17.0     MINORITY BUSINESS DEVELOPMENT INITIATIVE
17.01.   Company recognizes the NationsBank Minority Business Development
         Initiative supporting Minority and Women-Owned Business Enterprises
         and is committed, to the maximum extent practicable, participation
         with minority and women-owned business enterprises in its
         construction, procurement, and professional Services programs.

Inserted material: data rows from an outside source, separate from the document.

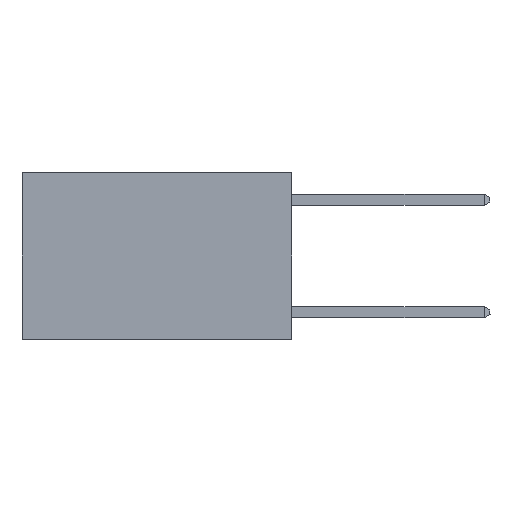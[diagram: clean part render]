
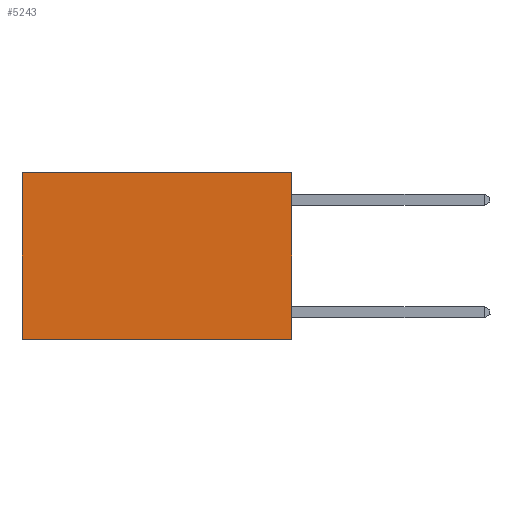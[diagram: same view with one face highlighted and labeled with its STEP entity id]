
A CAD part, left-side view. The second image highlights one B-rep face of the part: STEP entity #5243.
In plain terms, the highlighted planar face has unit normal (-1, 0, 0).
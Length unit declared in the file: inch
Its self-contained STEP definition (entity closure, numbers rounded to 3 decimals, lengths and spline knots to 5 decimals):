
#47 = DIRECTION ( 'NONE',  ( 0., 0., -1. ) ) ;
#851 = CARTESIAN_POINT ( 'NONE',  ( 0.2625, 0., 0. ) ) ;
#1087 = LINE ( 'NONE', #1823, #15917 ) ;
#1256 = DIRECTION ( 'NONE',  ( 0., 0., -1. ) ) ;
#1554 = VECTOR ( 'NONE', #2631, 39.37008 ) ;
#1700 = VERTEX_POINT ( 'NONE', #6634 ) ;
#1823 = CARTESIAN_POINT ( 'NONE',  ( 0.2625, 0., 0. ) ) ;
#2414 = VERTEX_POINT ( 'NONE', #8584 ) ;
#2631 = DIRECTION ( 'NONE',  ( 0., 0., -1. ) ) ;
#2640 = EDGE_CURVE ( 'NONE', #14752, #2414, #13603, .T. ) ;
#2875 = VECTOR ( 'NONE', #15726, 39.37008 ) ;
#3624 = EDGE_LOOP ( 'NONE', ( #10290, #13971, #7019, #17929 ) ) ;
#4058 = FACE_OUTER_BOUND ( 'NONE', #3624, .T. ) ;
#4184 = CARTESIAN_POINT ( 'NONE',  ( 0.2625, 0., 0. ) ) ;
#4808 = EDGE_CURVE ( 'NONE', #2414, #10973, #14372, .T. ) ;
#5243 = ADVANCED_FACE ( 'NONE', ( #4058 ), #17148, .F. ) ;
#6535 = AXIS2_PLACEMENT_3D ( 'NONE', #14462, #8942, #47 ) ;
#6634 = CARTESIAN_POINT ( 'NONE',  ( 0.2625, 0.6, 0. ) ) ;
#7019 = ORIENTED_EDGE ( 'NONE', *, *, #2640, .F. ) ;
#7044 = EDGE_CURVE ( 'NONE', #1700, #10973, #7561, .T. ) ;
#7122 = VECTOR ( 'NONE', #1256, 39.37008 ) ;
#7466 = CARTESIAN_POINT ( 'NONE',  ( 0.2625, 0., -0.37 ) ) ;
#7561 = LINE ( 'NONE', #14223, #7122 ) ;
#7924 = DIRECTION ( 'NONE',  ( 0., 1., 0. ) ) ;
#8584 = CARTESIAN_POINT ( 'NONE',  ( 0.2625, 0., -0.37 ) ) ;
#8942 = DIRECTION ( 'NONE',  ( 1., 0., 0. ) ) ;
#10177 = CARTESIAN_POINT ( 'NONE',  ( 0.2625, 0.6, -0.37 ) ) ;
#10290 = ORIENTED_EDGE ( 'NONE', *, *, #7044, .T. ) ;
#10973 = VERTEX_POINT ( 'NONE', #10177 ) ;
#13098 = EDGE_CURVE ( 'NONE', #14752, #1700, #1087, .T. ) ;
#13603 = LINE ( 'NONE', #4184, #1554 ) ;
#13971 = ORIENTED_EDGE ( 'NONE', *, *, #4808, .F. ) ;
#14223 = CARTESIAN_POINT ( 'NONE',  ( 0.2625, 0.6, 0. ) ) ;
#14372 = LINE ( 'NONE', #7466, #2875 ) ;
#14462 = CARTESIAN_POINT ( 'NONE',  ( 0.2625, 0., 0. ) ) ;
#14752 = VERTEX_POINT ( 'NONE', #851 ) ;
#15726 = DIRECTION ( 'NONE',  ( 0., 1., 0. ) ) ;
#15917 = VECTOR ( 'NONE', #7924, 39.37008 ) ;
#17148 = PLANE ( 'NONE',  #6535 ) ;
#17929 = ORIENTED_EDGE ( 'NONE', *, *, #13098, .T. ) ;

17.02.   DEFINITIONS. For purposes of this Agreement, the following are the
         definitions of "Minority-Owned Business Enterprise" and "Women-Owned
         Business Enterprise":

         (a)  "Minority-Owned Business Enterprise" is recognized as a "for
              profit" business concern, public or privately owned, which is at
              least fifty-one percent (51%) owned, controlled and operated by
              one or more "Minority Individuals" who maintain United States
              citizenship.

         (b)  "Minority Individuals" are recognized as Black Americans,
              Hispanic Americans, Native Americans (American Indians, Eskimos,
              Aleuts, and native Hawaiians), Asian-Pacific Americans, and other
              minorities as recognized by the United States Small Business
              Administration Office of Minority Small Business and Capital
              Ownership Development.

         (c)  "Women-Owned Business Enterprise" is recognized as a "for profit"
              business concern which is at least fifty-one percent (51%) owned,
              controlled and operated by women who maintain United Stated
              citizenship.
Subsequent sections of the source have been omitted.